- [RECORDS PROVIDED]:
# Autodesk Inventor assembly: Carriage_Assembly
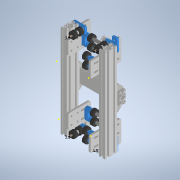
[picture p0: Inventor's stored thumbnail of the model, 180x180]
Saved by Autodesk Inventor 2021 (Build 250183000, 183)
## iProperties
Created: 2021-09-08
Part Number: Carriage_Assembly
Document SubType Name: Assembly
Designer: Jorian Brusind
Author: Jorian Brusind
## Documents named in this file (11)
- C:\Users\Jorian Brusind\Documents\GitHub\PersonalProjects\HyperRail\Inventor Files\Carriage_Assembly.iam
- C:\Users\Jorian Brusind\Documents\GitHub\PersonalProjects\Inventor Projects\Useful models\8020_Sets\IPT_20_Series\IPT_20_Series\20-2040_150mm.ipt
- C:\Users\Jorian Brusind\Documents\GitHub\PersonalProjects\HyperRail\Inventor Files\X_CarriageL_V2_0_Short.iam
- C:\Users\Jorian Brusind\Documents\GitHub\PersonalProjects\HyperRail\Inventor Files\X_CarriageR_V2_0_Short.iam
- C:\Users\Jorian Brusind\Documents\GitHub\PersonalProjects\HyperRail\Inventor Files\X_CarriageR_V2_0.iam
- C:\Users\Jorian Brusind\Documents\GitHub\PersonalProjects\HyperRail\Inventor Files\X_Carriage_V2_0.iam
- C:\Users\Jorian Brusind\Documents\GitHub\PersonalProjects\Inventor Projects\Useful models\8020_Sets\IPT_20_Series\Extra_20_Series\8020_14056m\14056_m.ipt
- C:\Users\Jorian Brusind\Documents\GitHub\PersonalProjects\HyperRail\Inventor Files\Buffer.iam
- C:\Users\Jorian Brusind\Documents\GitHub\PersonalProjects\Inventor Projects\Useful models\Metric Spacer_Standoffs\hex spacer standoff nut M5 L30.ipt
- C:\Users\Jorian Brusind\Documents\GitHub\PersonalProjects\HyperRail\Inventor Files\Carriage_Horizontal_Spacer.ipt
- C:\Users\Jorian Brusind\Documents\GitHub\PersonalProjects\Inventor Projects\Useful models\8020_Sets\IPT_20_Series\IPT_20_Series\20-2040_400mm.ipt
## Components (21 placed, 10 different names)
1. 20-2040_150mm:1 — Mate:20, Mate:21, Mate:22, Mate:23, Mate:80, Flush:33
2. X_CarriageL_V2_0_Short:1 [sub-assembly] — Mate:97, Flush:48, Flush:49, Flush:50, Flush:51, Mate:99, Mate:102
3. X_CarriageR_V2_0_Short:1 [sub-assembly] — Mate:89, Mate:90, Flush:44, Flush:45, Flush:46, Mate:92, Mate:93, Mate:95, Mate:104
4. X_CarriageR_V2_0:1 [sub-assembly] — Mate:96, Flush:50, Flush:51, Mate:100, Mate:101, Mate:103, Flush:56
5. 14056_m:1 — Mate:21, Flush:26, Flush:38
6. 14056_m:2 — Mate:20, Flush:25, Flush:26, Mate:70, Flush:37, Flush:39, Mate:105
7. 14056_m:3 — Mate:22, Flush:13
8. 14056_m:4 — Mate:23, Flush:13, Flush:28, Mate:72
9. Buffer:1 [sub-assembly] — Mate:82, Flush:41, Flush:54
10. Buffer:2 [sub-assembly] — Mate:86, Mate:90, Flush:47, Flush:55
11. Buffer:3 [sub-assembly] — Flush:42, Mate:87, Flush:43
12. Buffer:4 [sub-assembly] — Mate:88, Flush:49, Flush:52, Flush:53
13. hex spacer standoff nut M5 L30:2 — Mate:95, Mate:98, Mate:104
14. hex spacer standoff nut M5 L30:3 — Mate:93, Mate:94
15. hex spacer standoff nut M5 L30:4 — Mate:99, Mate:100, Mate:101
16. hex spacer standoff nut M5 L30:6 — Mate:102, Mate:103
17. Carriage_Horizontal_Spacer:1 — Flush:28, Mate:72, Mate:79, Mate:80
18. Carriage_Horizontal_Spacer:2 — Flush:25, Mate:70, Mate:84, Flush:37, Flush:38
19. 20-2040_400mm:1 — Flush:30, Mate:75, Mate:76, Mate:79, Flush:33, Flush:36, Mate:86, Mate:88, Mate:89, Flush:44, Flush:47, Mate:97, Flush:48, Flush:52, Flush:53, Flush:55
20. 20-2040_400mm:2 — Flush:30, Flush:36, Mate:82, Mate:84, Flush:39, Flush:41, Flush:42, Mate:87, Flush:43, Mate:91, Mate:96, Flush:54
21. X_Carriage_V2_0:1 [sub-assembly] — Mate:91, Flush:45, Flush:46, Mate:92, Mate:94, Mate:98, Mate:105, Flush:56
## Relationships (58: Mate 32, Flush 26)
- Mate:20: 20-2040_150mm:1 ↔ 14056_m:2
- Mate:21: 20-2040_150mm:1 ↔ 14056_m:1
- Mate:22: 20-2040_150mm:1 ↔ 14056_m:3
- Mate:23: 20-2040_150mm:1 ↔ 14056_m:4
- Flush:13: 14056_m:3 ↔ 14056_m:4
- Flush:25: 14056_m:2 ↔ Carriage_Horizontal_Spacer:2
- Flush:26: 14056_m:1 ↔ 14056_m:2
- Mate:70: 14056_m:2 ↔ Carriage_Horizontal_Spacer:2
- Flush:28: 14056_m:4 ↔ Carriage_Horizontal_Spacer:1
- Mate:72: 14056_m:4 ↔ Carriage_Horizontal_Spacer:1
- Flush:30: 20-2040_400mm:1 ↔ 20-2040_400mm:2
- Mate:75: 20-2040_400mm:1
- Mate:76: 20-2040_400mm:1
- Mate:79: Carriage_Horizontal_Spacer:1 ↔ 20-2040_400mm:1
- Mate:80: 20-2040_150mm:1 ↔ Carriage_Horizontal_Spacer:1
- Flush:33: 20-2040_150mm:1 ↔ 20-2040_400mm:1
- Flush:36: 20-2040_400mm:1 ↔ 20-2040_400mm:2
- Mate:82: Buffer:1 ↔ 20-2040_400mm:2
- Mate:84: Carriage_Horizontal_Spacer:2 ↔ 20-2040_400mm:2
- Flush:37: 14056_m:2 ↔ Carriage_Horizontal_Spacer:2
- Flush:38: 14056_m:1 ↔ Carriage_Horizontal_Spacer:2
- Flush:39: 14056_m:2 ↔ 20-2040_400mm:2
- Mate:86: Buffer:2 ↔ 20-2040_400mm:1
- Flush:41: Buffer:1 ↔ 20-2040_400mm:2
- Flush:42: Buffer:3 ↔ 20-2040_400mm:2
- Mate:87: Buffer:3 ↔ 20-2040_400mm:2
- Flush:43: Buffer:3 ↔ 20-2040_400mm:2
- Mate:88: Buffer:4 ↔ 20-2040_400mm:1
- Mate:89: X_CarriageR_V2_0_Short:1 ↔ 20-2040_400mm:1
- Mate:90: X_CarriageR_V2_0_Short:1 ↔ Buffer:2
- Flush:44: X_CarriageR_V2_0_Short:1 ↔ 20-2040_400mm:1
- Mate:91: 20-2040_400mm:2 ↔ X_Carriage_V2_0:1
- Flush:45: X_CarriageR_V2_0_Short:1 ↔ X_Carriage_V2_0:1
- Flush:46: X_CarriageR_V2_0_Short:1 ↔ X_Carriage_V2_0:1
- Mate:92: X_CarriageR_V2_0_Short:1 ↔ X_Carriage_V2_0:1
- Mate:93: X_CarriageR_V2_0_Short:1 ↔ hex spacer standoff nut M5 L30:3
- Mate:94: hex spacer standoff nut M5 L30:3 ↔ X_Carriage_V2_0:1
- Mate:95: X_CarriageR_V2_0_Short:1 ↔ hex spacer standoff nut M5 L30:2
- Flush:47: Buffer:2 ↔ 20-2040_400mm:1
- Mate:96: X_CarriageR_V2_0:1 ↔ 20-2040_400mm:2
- Mate:97: X_CarriageL_V2_0_Short:1 ↔ 20-2040_400mm:1
- Flush:48: X_CarriageL_V2_0_Short:1 ↔ 20-2040_400mm:1
- Flush:49: X_CarriageL_V2_0_Short:1 ↔ Buffer:4
- Flush:50: X_CarriageL_V2_0_Short:1 ↔ X_CarriageR_V2_0:1
- Flush:51: X_CarriageL_V2_0_Short:1 ↔ X_CarriageR_V2_0:1
- Mate:98: hex spacer standoff nut M5 L30:2 ↔ X_Carriage_V2_0:1
- Mate:99: X_CarriageL_V2_0_Short:1 ↔ hex spacer standoff nut M5 L30:4
- Mate:100: X_CarriageR_V2_0:1 ↔ hex spacer standoff nut M5 L30:4
- Mate:101: X_CarriageR_V2_0:1 ↔ hex spacer standoff nut M5 L30:4
- Mate:102: X_CarriageL_V2_0_Short:1 ↔ hex spacer standoff nut M5 L30:6
- Mate:103: X_CarriageR_V2_0:1 ↔ hex spacer standoff nut M5 L30:6
- Mate:104: X_CarriageR_V2_0_Short:1 ↔ hex spacer standoff nut M5 L30:2
- Flush:52: Buffer:4 ↔ 20-2040_400mm:1
- Flush:53: Buffer:4 ↔ 20-2040_400mm:1
- Flush:54: Buffer:1 ↔ 20-2040_400mm:2
- Flush:55: Buffer:2 ↔ 20-2040_400mm:1
- Mate:105 (40 mm): 14056_m:2 ↔ X_Carriage_V2_0:1
- Flush:56: X_CarriageR_V2_0:1 ↔ X_Carriage_V2_0:1
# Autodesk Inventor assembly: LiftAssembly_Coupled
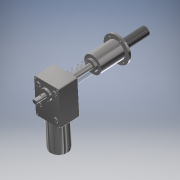
[picture p0: Inventor's stored thumbnail of the model, 180x180]
Saved by Autodesk Inventor 2018 (Build 220112000, 112)
## iProperties
Created: 2018-04-10
Part Number: LiftAssembly_Coupled
Document SubType Name: Assembly
Designer: P136265
Author: P136265
## Documents named in this file (7)
- C:\Users\P136265\Documents\GitHub\mecanum-cad\LiftAssembly_Coupled.iam
- C:\Users\P136265\Documents\GitHub\mecanum-cad\TS-58GZ868D.ipt
- C:\Users\P136265\Documents\GitHub\mecanum-cad\MCLX-12-12-F.ipt
- C:\Users\P136265\Documents\GitHub\mecanum-cad\LeadScrew.ipt
- C:\Users\P136265\Documents\GitHub\mecanum-cad\RNFBL2005A2.5S.ipt
- C:\Users\P136265\Documents\Inventor\Content Center Files\R2018\en-US\ISO 3031(1)\ISO 3031 - 12 x 26 x 2(1).ipt
- C:\Users\P136265\Documents\GitHub\mecanum-cad\ThrustWasher.ipt
## Components (7 placed, 6 different names)
1. TS-58GZ868D:1 — Mate:3, Mate:7, Mate:15
2. MCLX-12-12-F:1 — Mate:3, Mate:4, Mate:7, Mate:9
3. LeadScrew:1 — Mate:4, Mate:9, Mate:11, Mate:17, Mate:28, Mate:29
4. RNFBL2005A2.5S:1 — Mate:11, Mate:17
5. ISO 3031Thrust Needle Roller And Cage Assembly 12 x 26 x 2:2 — Mate:27
6. ThrustWasher:3 — Mate:29
7. ThrustWasher:4 — Mate:27, Mate:28
## Relationships (13: Mate 13)
- Mate:3 (2 mm): TS-58GZ868D:1 ↔ MCLX-12-12-F:1
- Mate:4: MCLX-12-12-F:1 ↔ LeadScrew:1
- Mate:7: TS-58GZ868D:1 ↔ MCLX-12-12-F:1
- Mate:9 (12 mm): MCLX-12-12-F:1 ↔ LeadScrew:1
- Mate:11: LeadScrew:1 ↔ RNFBL2005A2.5S:1
- Mate:15: TS-58GZ868D:1
- Mate:17: LeadScrew:1 ↔ RNFBL2005A2.5S:1
- [Mate] (0.2 mm): ISO 3031Thrust Needle Roller And Cage Assembly 12 x 26 x 2:2 ↔ ThrustWasher:4
- [Mate]: ISO 3031Thrust Needle Roller And Cage Assembly 12 x 26 x 2:2 ↔ ThrustWasher:3
- [Mate] (0.2 mm): ISO 3031Thrust Needle Roller And Cage Assembly 12 x 26 x 2:2 ↔ ThrustWasher:3
- Mate:27: ISO 3031Thrust Needle Roller And Cage Assembly 12 x 26 x 2:2 ↔ ThrustWasher:4
- Mate:28: LeadScrew:1 ↔ ThrustWasher:4
- Mate:29: LeadScrew:1 ↔ ThrustWasher:3
## Named parameters: d34_d31 = 0.2 mm, d35_d32 = 0 mm, d36_d33 = 0.2 mm

- [EXERCISE INSTRUCTIONS]: The lines wanted are those from the start of the material above through the line with "## Documents named in this file (11)", both included; print them exactly and skip any picture.

- [RESULT OF THE TASK]:
# Autodesk Inventor assembly: Carriage_Assembly
[picture p0: Inventor's stored thumbnail of the model, 180x180]
Saved by Autodesk Inventor 2021 (Build 250183000, 183)
## iProperties
Created: 2021-09-08
Part Number: Carriage_Assembly
Document SubType Name: Assembly
Designer: Jorian Brusind
Author: Jorian Brusind
## Documents named in this file (11)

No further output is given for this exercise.